**DATA RECORDS:**

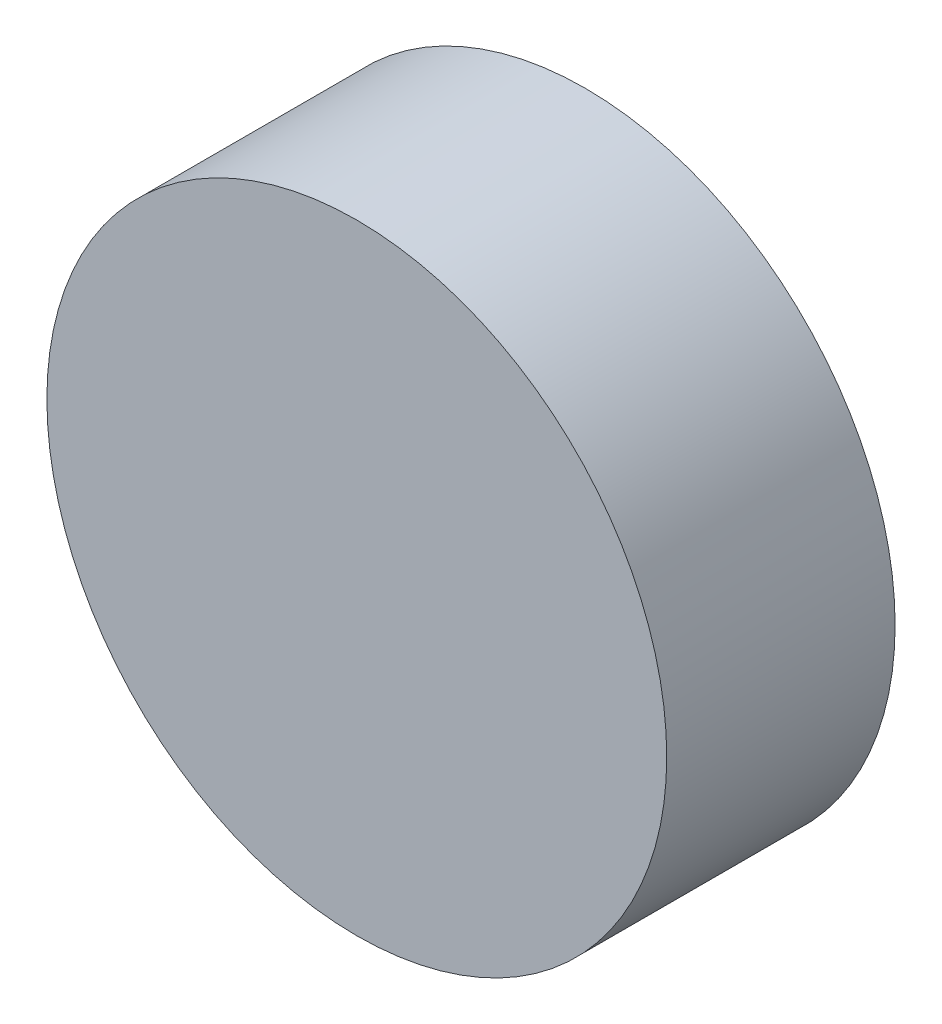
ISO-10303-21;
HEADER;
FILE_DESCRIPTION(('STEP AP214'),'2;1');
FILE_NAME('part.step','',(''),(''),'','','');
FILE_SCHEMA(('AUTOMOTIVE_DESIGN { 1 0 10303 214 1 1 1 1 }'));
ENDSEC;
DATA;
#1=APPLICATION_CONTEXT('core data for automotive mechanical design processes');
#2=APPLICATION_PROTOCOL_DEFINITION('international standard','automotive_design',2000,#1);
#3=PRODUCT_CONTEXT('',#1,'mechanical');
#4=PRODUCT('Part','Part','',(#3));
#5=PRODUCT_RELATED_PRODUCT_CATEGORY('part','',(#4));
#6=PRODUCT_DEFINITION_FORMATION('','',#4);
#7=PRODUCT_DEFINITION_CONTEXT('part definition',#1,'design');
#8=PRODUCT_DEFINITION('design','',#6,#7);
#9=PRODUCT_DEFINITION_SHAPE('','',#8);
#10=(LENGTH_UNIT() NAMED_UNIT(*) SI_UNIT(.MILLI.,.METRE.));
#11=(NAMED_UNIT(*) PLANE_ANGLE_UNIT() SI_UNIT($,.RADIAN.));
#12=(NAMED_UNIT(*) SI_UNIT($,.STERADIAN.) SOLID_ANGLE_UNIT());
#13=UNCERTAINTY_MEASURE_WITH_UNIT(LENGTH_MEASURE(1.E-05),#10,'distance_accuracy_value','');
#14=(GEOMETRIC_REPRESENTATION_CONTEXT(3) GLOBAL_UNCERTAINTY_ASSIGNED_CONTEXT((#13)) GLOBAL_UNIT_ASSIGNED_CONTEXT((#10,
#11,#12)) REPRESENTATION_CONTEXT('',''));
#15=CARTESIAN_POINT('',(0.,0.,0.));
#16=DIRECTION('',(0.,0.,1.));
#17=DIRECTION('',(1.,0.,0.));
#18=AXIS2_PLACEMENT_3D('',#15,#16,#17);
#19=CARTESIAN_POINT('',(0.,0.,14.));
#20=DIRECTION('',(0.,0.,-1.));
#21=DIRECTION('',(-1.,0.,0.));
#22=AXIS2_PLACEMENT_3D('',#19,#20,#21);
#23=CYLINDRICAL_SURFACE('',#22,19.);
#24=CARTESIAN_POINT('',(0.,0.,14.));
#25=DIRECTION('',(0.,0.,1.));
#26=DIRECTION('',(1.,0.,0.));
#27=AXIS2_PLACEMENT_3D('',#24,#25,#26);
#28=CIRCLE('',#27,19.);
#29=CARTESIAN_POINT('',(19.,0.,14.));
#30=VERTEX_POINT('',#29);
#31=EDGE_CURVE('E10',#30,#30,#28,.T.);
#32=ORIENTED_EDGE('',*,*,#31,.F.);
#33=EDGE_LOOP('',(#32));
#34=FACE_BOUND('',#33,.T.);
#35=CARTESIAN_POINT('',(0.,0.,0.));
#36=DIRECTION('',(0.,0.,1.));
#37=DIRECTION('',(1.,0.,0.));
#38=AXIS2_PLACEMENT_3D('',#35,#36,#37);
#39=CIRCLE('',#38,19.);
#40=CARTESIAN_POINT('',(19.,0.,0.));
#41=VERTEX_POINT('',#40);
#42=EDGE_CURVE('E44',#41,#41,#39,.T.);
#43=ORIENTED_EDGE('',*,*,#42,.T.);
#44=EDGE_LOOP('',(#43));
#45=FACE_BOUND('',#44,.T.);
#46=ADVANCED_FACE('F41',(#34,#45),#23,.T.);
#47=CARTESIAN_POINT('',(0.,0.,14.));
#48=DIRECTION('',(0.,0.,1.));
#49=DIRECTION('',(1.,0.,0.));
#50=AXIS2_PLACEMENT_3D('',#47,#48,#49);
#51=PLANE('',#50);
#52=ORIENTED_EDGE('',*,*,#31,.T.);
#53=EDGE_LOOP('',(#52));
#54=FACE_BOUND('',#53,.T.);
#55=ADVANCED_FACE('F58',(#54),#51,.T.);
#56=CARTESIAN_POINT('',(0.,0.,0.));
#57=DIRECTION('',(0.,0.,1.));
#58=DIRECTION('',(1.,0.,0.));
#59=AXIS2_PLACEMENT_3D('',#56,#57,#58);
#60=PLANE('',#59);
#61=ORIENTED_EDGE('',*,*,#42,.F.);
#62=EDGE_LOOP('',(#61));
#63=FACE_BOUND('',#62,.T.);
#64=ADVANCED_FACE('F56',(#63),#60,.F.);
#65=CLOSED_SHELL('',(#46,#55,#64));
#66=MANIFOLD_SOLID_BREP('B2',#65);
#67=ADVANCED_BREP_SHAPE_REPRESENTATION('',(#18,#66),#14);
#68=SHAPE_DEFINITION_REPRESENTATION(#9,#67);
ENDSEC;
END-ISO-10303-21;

**TASK PROMPT:**
Within the listing above, the range opens at the line with "#37=DIRECTION('',(1.,0.,0.));" and closes at the line with "#57=DIRECTION('',(0.,0.,1.));". Reproduce exactly the lines of that range, including both ends.

**WRITTEN ANSWER:**
#37=DIRECTION('',(1.,0.,0.));
#38=AXIS2_PLACEMENT_3D('',#35,#36,#37);
#39=CIRCLE('',#38,19.);
#40=CARTESIAN_POINT('',(19.,0.,0.));
#41=VERTEX_POINT('',#40);
#42=EDGE_CURVE('E44',#41,#41,#39,.T.);
#43=ORIENTED_EDGE('',*,*,#42,.T.);
#44=EDGE_LOOP('',(#43));
#45=FACE_BOUND('',#44,.T.);
#46=ADVANCED_FACE('F41',(#34,#45),#23,.T.);
#47=CARTESIAN_POINT('',(0.,0.,14.));
#48=DIRECTION('',(0.,0.,1.));
#49=DIRECTION('',(1.,0.,0.));
#50=AXIS2_PLACEMENT_3D('',#47,#48,#49);
#51=PLANE('',#50);
#52=ORIENTED_EDGE('',*,*,#31,.T.);
#53=EDGE_LOOP('',(#52));
#54=FACE_BOUND('',#53,.T.);
#55=ADVANCED_FACE('F58',(#54),#51,.T.);
#56=CARTESIAN_POINT('',(0.,0.,0.));
#57=DIRECTION('',(0.,0.,1.));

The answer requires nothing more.